Desert Plant Adaptations (IV) ~ Leaf Adaptations

Getting back to my series on desert plant adaptations, let’s discuss some of the ways that leaves have adapted to help plants survive the hot and dry conditions of the desert wadis.

Besides dropping all of their leaves like drought-deciduous plants, some plants simply have smaller or fewer leaves. Smaller leaves means there is less surface area open to the wind and sun, and so less water is lost through transpiration. Semi-shrubs and shrubs may have large leaves in the winter that are shed during the dry season and are replaced with smaller leaves in the summer. Artemisia herba-alba and Phlomis aurea both have smaller summer leaves.

Another strategy that helps conserve water is folding or rolling up the leaves so that the stomata are facing inwards, reducing the surface area subject to transpiration. This adaptation is employed by Helianthemum species, Fumana thymifolia, and many perennial grasses.

But it’s not just transpiration that leads to water loss. Leaves also lose water through their cell walls. To combat this, the leaves of some desert plants have a waxy coating or a thick cuticle, the film covering the surface, which helps seal in and protect moisture already in the leaves. Most xerophytes have a thick cuticle.

Hair on the leaves and stems also helps reduce water loss by providing shade and trapping water vapor near the plant’s surface. Artemisia herba-alba, Phlomis spp., Majorana syriaca, and other plants utilize this adaptation.
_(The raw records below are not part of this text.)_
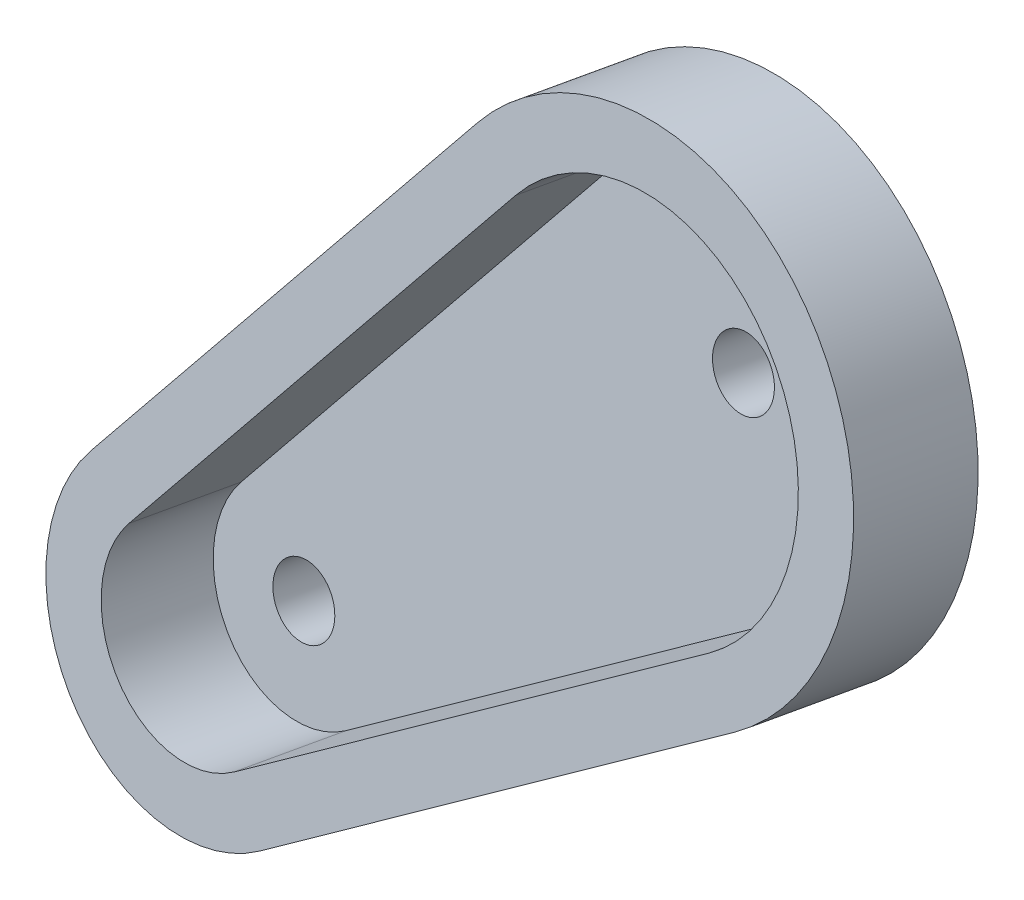
ISO-10303-21;
HEADER;
FILE_DESCRIPTION(('STEP AP214'),'2;1');
FILE_NAME('part.step','',(''),(''),'','','');
FILE_SCHEMA(('AUTOMOTIVE_DESIGN { 1 0 10303 214 1 1 1 1 }'));
ENDSEC;
DATA;
#1=APPLICATION_CONTEXT('core data for automotive mechanical design processes');
#2=APPLICATION_PROTOCOL_DEFINITION('international standard','automotive_design',2000,#1);
#3=PRODUCT_CONTEXT('',#1,'mechanical');
#4=PRODUCT('Part','Part','',(#3));
#5=PRODUCT_RELATED_PRODUCT_CATEGORY('part','',(#4));
#6=PRODUCT_DEFINITION_FORMATION('','',#4);
#7=PRODUCT_DEFINITION_CONTEXT('part definition',#1,'design');
#8=PRODUCT_DEFINITION('design','',#6,#7);
#9=PRODUCT_DEFINITION_SHAPE('','',#8);
#10=(LENGTH_UNIT() NAMED_UNIT(*) SI_UNIT(.MILLI.,.METRE.));
#11=(NAMED_UNIT(*) PLANE_ANGLE_UNIT() SI_UNIT($,.RADIAN.));
#12=(NAMED_UNIT(*) SI_UNIT($,.STERADIAN.) SOLID_ANGLE_UNIT());
#13=UNCERTAINTY_MEASURE_WITH_UNIT(LENGTH_MEASURE(1.E-05),#10,'distance_accuracy_value','');
#14=(GEOMETRIC_REPRESENTATION_CONTEXT(3) GLOBAL_UNCERTAINTY_ASSIGNED_CONTEXT((#13)) GLOBAL_UNIT_ASSIGNED_CONTEXT((#10,
#11,#12)) REPRESENTATION_CONTEXT('',''));
#15=CARTESIAN_POINT('',(0.,0.,0.));
#16=DIRECTION('',(0.,0.,1.));
#17=DIRECTION('',(1.,0.,0.));
#18=AXIS2_PLACEMENT_3D('',#15,#16,#17);
#19=CARTESIAN_POINT('',(139.042388148366,-142.913532001662,5.92533887196867));
#20=DIRECTION('',(0.0674581133210909,-0.12352330189874,-0.990046158941689));
#21=DIRECTION('',(0.,-0.992306526958391,0.123805317154703));
#22=AXIS2_PLACEMENT_3D('',#19,#20,#21);
#23=PLANE('',#22);
#24=CARTESIAN_POINT('',(156.822676569582,-126.081367524923,5.03675421849172));
#25=DIRECTION('',(-0.0674581133210909,0.12352330189874,0.990046158941689));
#26=DIRECTION('',(0.,-0.992306526958391,0.123805317154703));
#27=AXIS2_PLACEMENT_3D('',#24,#25,#26);
#28=CIRCLE('',#27,6.58589838486229);
#29=CARTESIAN_POINT('',(160.613864154695,-131.38739760596,5.95707970947262));
#30=VERTEX_POINT('',#29);
#31=CARTESIAN_POINT('',(151.685409363827,-122.049638120943,4.18370017243479));
#32=VERTEX_POINT('',#31);
#33=EDGE_CURVE('E187',#30,#32,#28,.T.);
#34=ORIENTED_EDGE('',*,*,#33,.F.);
#35=DIRECTION('',(0.814907250431126,0.579349073545028,-0.0167578094421691));
#36=VECTOR('',#35,1.);
#37=CARTESIAN_POINT('',(140.847575281559,-145.440016649436,6.36355505024256));
#38=LINE('',#37,#36);
#39=CARTESIAN_POINT('',(140.847575281559,-145.440016649436,6.36355505024256));
#40=VERTEX_POINT('',#39);
#41=EDGE_CURVE('E185',#40,#30,#38,.T.);
#42=ORIENTED_EDGE('',*,*,#41,.F.);
#43=CARTESIAN_POINT('',(139.042388148366,-142.913532001662,5.92533887196867));
#44=DIRECTION('',(-0.0674581133210909,0.12352330189874,0.990046158941689));
#45=DIRECTION('',(0.,-0.992306526958391,0.123805317154703));
#46=AXIS2_PLACEMENT_3D('',#43,#44,#45);
#47=CIRCLE('',#46,3.13589838486216);
#48=CARTESIAN_POINT('',(136.596260529671,-140.993810046157,5.51915422578908));
#49=VERTEX_POINT('',#48);
#50=EDGE_CURVE('E190',#49,#40,#47,.T.);
#51=ORIENTED_EDGE('',*,*,#50,.F.);
#52=DIRECTION('',(-0.622082216176631,-0.781013732742278,0.0550569303970384));
#53=VECTOR('',#52,1.);
#54=CARTESIAN_POINT('',(136.596260529671,-140.993810046157,5.51915422578908));
#55=LINE('',#54,#53);
#56=EDGE_CURVE('E192',#32,#49,#55,.T.);
#57=ORIENTED_EDGE('',*,*,#56,.F.);
#58=EDGE_LOOP('',(#34,#42,#51,#57));
#59=FACE_BOUND('',#58,.T.);
#60=CARTESIAN_POINT('',(156.822676569582,-126.081367524923,5.03675421849172));
#61=DIRECTION('',(-0.0674581133210909,0.12352330189874,0.990046158941689));
#62=DIRECTION('',(0.,-0.992306526958391,0.123805317154703));
#63=AXIS2_PLACEMENT_3D('',#60,#61,#62);
#64=CIRCLE('',#63,1.40000000000001);
#65=CARTESIAN_POINT('',(156.822676569582,-127.470596662665,5.2100816625083));
#66=VERTEX_POINT('',#65);
#67=EDGE_CURVE('E143',#66,#66,#64,.T.);
#68=ORIENTED_EDGE('',*,*,#67,.T.);
#69=EDGE_LOOP('',(#68));
#70=FACE_BOUND('',#69,.T.);
#71=CARTESIAN_POINT('',(139.042388148366,-142.913532001662,5.92533887196866));
#72=DIRECTION('',(-0.0674581133210909,0.12352330189874,0.990046158941689));
#73=DIRECTION('',(0.,-0.992306526958391,0.123805317154703));
#74=AXIS2_PLACEMENT_3D('',#71,#72,#73);
#75=CIRCLE('',#74,1.40000000000001);
#76=CARTESIAN_POINT('',(139.042388148366,-144.302761139403,6.09866631598525));
#77=VERTEX_POINT('',#76);
#78=EDGE_CURVE('E146',#77,#77,#75,.T.);
#79=ORIENTED_EDGE('',*,*,#78,.T.);
#80=EDGE_LOOP('',(#79));
#81=FACE_BOUND('',#80,.T.);
#82=ADVANCED_FACE('F39',(#59,#70,#81),#23,.T.);
#83=CARTESIAN_POINT('',(138.570181355119,-142.048868888371,12.8556619845605));
#84=DIRECTION('',(0.0674581133210909,-0.12352330189874,-0.990046158941689));
#85=DIRECTION('',(0.,-0.992306526958391,0.123805317154703));
#86=AXIS2_PLACEMENT_3D('',#83,#84,#85);
#87=CYLINDRICAL_SURFACE('',#86,4.10000000000003);
#88=DIRECTION('',(0.0674581133210909,-0.12352330189874,-0.990046158941689));
#89=VECTOR('',#88,1.);
#90=CARTESIAN_POINT('',(135.372015469048,-139.538946993081,12.324599799199));
#91=LINE('',#90,#89);
#92=CARTESIAN_POINT('',(135.372015469048,-139.538946993081,12.324599799199));
#93=VERTEX_POINT('',#92);
#94=CARTESIAN_POINT('',(135.675576978993,-140.094801851626,7.86939208396144));
#95=VERTEX_POINT('',#94);
#96=EDGE_CURVE('E142',#93,#95,#91,.T.);
#97=ORIENTED_EDGE('',*,*,#96,.F.);
#98=CARTESIAN_POINT('',(138.570181355119,-142.048868888371,12.8556619845605));
#99=DIRECTION('',(-0.0674581133210909,0.12352330189874,0.990046158941689));
#100=DIRECTION('',(0.,-0.992306526958391,0.123805317154703));
#101=AXIS2_PLACEMENT_3D('',#98,#99,#100);
#102=CIRCLE('',#101,4.10000000000003);
#103=CARTESIAN_POINT('',(140.930355805227,-145.352096794567,13.4286034866181));
#104=VERTEX_POINT('',#103);
#105=EDGE_CURVE('E123',#93,#104,#102,.T.);
#106=ORIENTED_EDGE('',*,*,#105,.T.);
#107=DIRECTION('',(0.0674581133210909,-0.12352330189874,-0.990046158941689));
#108=VECTOR('',#107,1.);
#109=CARTESIAN_POINT('',(140.930355805227,-145.352096794567,13.4286034866181));
#110=LINE('',#109,#108);
#111=CARTESIAN_POINT('',(141.233917315172,-145.907951653111,8.97339577138049));
#112=VERTEX_POINT('',#111);
#113=EDGE_CURVE('E131',#104,#112,#110,.T.);
#114=ORIENTED_EDGE('',*,*,#113,.T.);
#115=CARTESIAN_POINT('',(138.873742865064,-142.604723746915,8.40045426932289));
#116=DIRECTION('',(-0.0674581133210909,0.12352330189874,0.990046158941689));
#117=DIRECTION('',(0.,-0.992306526958391,0.123805317154703));
#118=AXIS2_PLACEMENT_3D('',#115,#116,#117);
#119=CIRCLE('',#118,4.10000000000001);
#120=EDGE_CURVE('E170',#95,#112,#119,.T.);
#121=ORIENTED_EDGE('',*,*,#120,.F.);
#122=EDGE_LOOP('',(#97,#106,#114,#121));
#123=FACE_BOUND('',#122,.T.);
#124=ADVANCED_FACE('F140',(#123),#87,.F.);
#125=CARTESIAN_POINT('',(150.461164303204,-120.594775067867,10.9891457458448));
#126=DIRECTION('',(-0.780040460017252,0.612176072021776,-0.12952736228328));
#127=DIRECTION('',(-0.617376949257776,-0.786667466293835,0.));
#128=AXIS2_PLACEMENT_3D('',#125,#126,#127);
#129=PLANE('',#128);
#130=DIRECTION('',(0.0674581133210909,-0.12352330189874,-0.990046158941689));
#131=VECTOR('',#130,1.);
#132=CARTESIAN_POINT('',(150.461164303204,-120.594775067867,10.9891457458448));
#133=LINE('',#132,#131);
#134=CARTESIAN_POINT('',(150.461164303204,-120.594775067867,10.9891457458448));
#135=VERTEX_POINT('',#134);
#136=CARTESIAN_POINT('',(150.764725813149,-121.150629926412,6.53393803060717));
#137=VERTEX_POINT('',#136);
#138=EDGE_CURVE('E154',#135,#137,#133,.T.);
#139=ORIENTED_EDGE('',*,*,#138,.F.);
#140=DIRECTION('',(-0.622082216176635,-0.781013732742275,0.055056930397038));
#141=VECTOR('',#140,1.);
#142=CARTESIAN_POINT('',(150.461164303204,-120.594775067867,10.9891457458448));
#143=LINE('',#142,#141);
#144=EDGE_CURVE('E138',#135,#93,#143,.T.);
#145=ORIENTED_EDGE('',*,*,#144,.T.);
#146=ORIENTED_EDGE('',*,*,#96,.T.);
#147=DIRECTION('',(-0.622082216176634,-0.781013732742276,0.0550569303970381));
#148=VECTOR('',#147,1.);
#149=CARTESIAN_POINT('',(135.675576978993,-140.094801851626,7.86939208396144));
#150=LINE('',#149,#148);
#151=EDGE_CURVE('E183',#137,#95,#150,.T.);
#152=ORIENTED_EDGE('',*,*,#151,.F.);
#153=EDGE_LOOP('',(#139,#145,#146,#152));
#154=FACE_BOUND('',#153,.T.);
#155=ADVANCED_FACE('F238',(#154),#129,.F.);
#156=CARTESIAN_POINT('',(156.350469776334,-125.216704411632,11.9670773310835));
#157=DIRECTION('',(0.0674581133210909,-0.12352330189874,-0.990046158941689));
#158=DIRECTION('',(0.,-0.992306526958391,0.123805317154703));
#159=AXIS2_PLACEMENT_3D('',#156,#157,#158);
#160=CYLINDRICAL_SURFACE('',#159,7.55000000000003);
#161=DIRECTION('',(0.0674581133210909,-0.12352330189874,-0.990046158941689));
#162=VECTOR('',#161,1.);
#163=CARTESIAN_POINT('',(160.696644678364,-131.299477751091,13.0221281458481));
#164=LINE('',#163,#162);
#165=CARTESIAN_POINT('',(160.696644678364,-131.299477751091,13.0221281458481));
#166=VERTEX_POINT('',#165);
#167=CARTESIAN_POINT('',(161.000206188309,-131.855332609635,8.56692043061055));
#168=VERTEX_POINT('',#167);
#169=EDGE_CURVE('E137',#166,#168,#164,.T.);
#170=ORIENTED_EDGE('',*,*,#169,.F.);
#171=CARTESIAN_POINT('',(156.350469776334,-125.216704411632,11.9670773310835));
#172=DIRECTION('',(-0.0674581133210909,0.12352330189874,0.990046158941689));
#173=DIRECTION('',(0.,-0.992306526958391,0.123805317154703));
#174=AXIS2_PLACEMENT_3D('',#171,#172,#173);
#175=CIRCLE('',#174,7.55000000000003);
#176=EDGE_CURVE('E125',#166,#135,#175,.T.);
#177=ORIENTED_EDGE('',*,*,#176,.T.);
#178=ORIENTED_EDGE('',*,*,#138,.T.);
#179=CARTESIAN_POINT('',(156.654031286279,-125.772559270176,7.51186961584594));
#180=DIRECTION('',(-0.0674581133210909,0.12352330189874,0.990046158941689));
#181=DIRECTION('',(0.,-0.992306526958391,0.123805317154703));
#182=AXIS2_PLACEMENT_3D('',#179,#180,#181);
#183=CIRCLE('',#182,7.55000000000001);
#184=EDGE_CURVE('E181',#168,#137,#183,.T.);
#185=ORIENTED_EDGE('',*,*,#184,.F.);
#186=EDGE_LOOP('',(#170,#177,#178,#185));
#187=FACE_BOUND('',#186,.T.);
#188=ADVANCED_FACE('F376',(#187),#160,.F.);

Plants needs energy from the sun to photosynthesize. What energy they don’t use to make food is used to heat the leaf up. That is very useful for plants growing in cold climates whose leaves need to be a bit warmer to photosynthesize but not so necessary for desert plants, which must reflect some of this solar radiation or risk over-heating. How do they do this? Some plants, like Capparis sinaica, have a waxy coating on their summer leaves which gives them a lighter – and more reflective – color than their winter leaves.

Leaves of Atriplex species also have a different color depending on the season, but they don’t use a waxy coat. Instead, the leaves are covered in vesicular hairs that contain a salty solution. In the winter, the hairs are full and transparent, allowing more absorption of the sun’s energy. In the summer, the water evaporates and the hairs dry out causing the leaves to be a lighter color that reflects the sun’s rays.

You can read more about each of the species photographed above in my book. In the next post in this series, we’ll learn about stem adaptations. Stay tuned!

Desert Plant Adaptations (I) ~ Succulence

Plants that have adapted to living in dry habitats are called xerophytes, and they are the characteristic plants of deserts and semi-deserts. Over the next few weeks, I’ll be explaining some of the adaptations that allow them to survive in such a harsh desert environment. And it is harsh! Besides the limited supply of water, these plants must also survive high daytime temperatures, high levels of solar radiation, high levels of salinity, and strong winds. Water, however, is the most important ingredient in their lives and they must prevent water loss and overheating to survive. In general, to overcome these obstacles, desert plants can be classified into three main groups according to how they deal with the drought conditions – succulence, drought-deciduous, and drought-escaping. Today, I’ll talk about succulence.

Succulence is the ability of plants to store water in their leaves, stems, and/or roots. Cacti are a classic example. Succulent plants have shallow roots, allowing them to quickly absorb any available moisture, including dew. These plants can begin to grow 24 – 48 hours after rain. You may have noticed that there aren’t many cacti growing in the wadis of South Sinai, but there several species of succulents.

Species with Succulent Leaves

If you think back to your high school biology class, you’ll recall that photosynthesis is the process that allows plants to use the sun’s energy to convert carbon dioxide (CO2) and water into sugar. Basically, it’s how plants make their food. There are pores, called stomata, on the leaves that open and close to absorb carbon dioxide from the air and release oxygen. When these stomata open and close, water vapor is also released and evaporated. This release of water is called transpiration. It’s similar to sweating in humans and can help cool the plant. And we know that if we sweat a lot, we should drink more water to stay hydrated. However, desert plants do not receive a lot of rain to replace this lost water. So they have adapted to conserve as much water as possible.

Species with Succulent Stems

One way succulents do this is to use a different type of photosynthesis, one that allows the plants to make food without losing a lot of water to transpiration. It’s called crassulacean acid metabolism, or CAM photosynthesis. Plants that use CAM open their stomata at night when temperatures are cooler and keep them closed during the day. Instead of using sunlight to convert the CO2 to food right away, plants store the CO2 they absorbed at night as crassulacean acid. As the day begins and the temperature starts to rise, the acid is changed back into carbon dioxide and then used in photosynthesis. This allows the plants to conserve water and use it to make food instead of losing it to evaporation.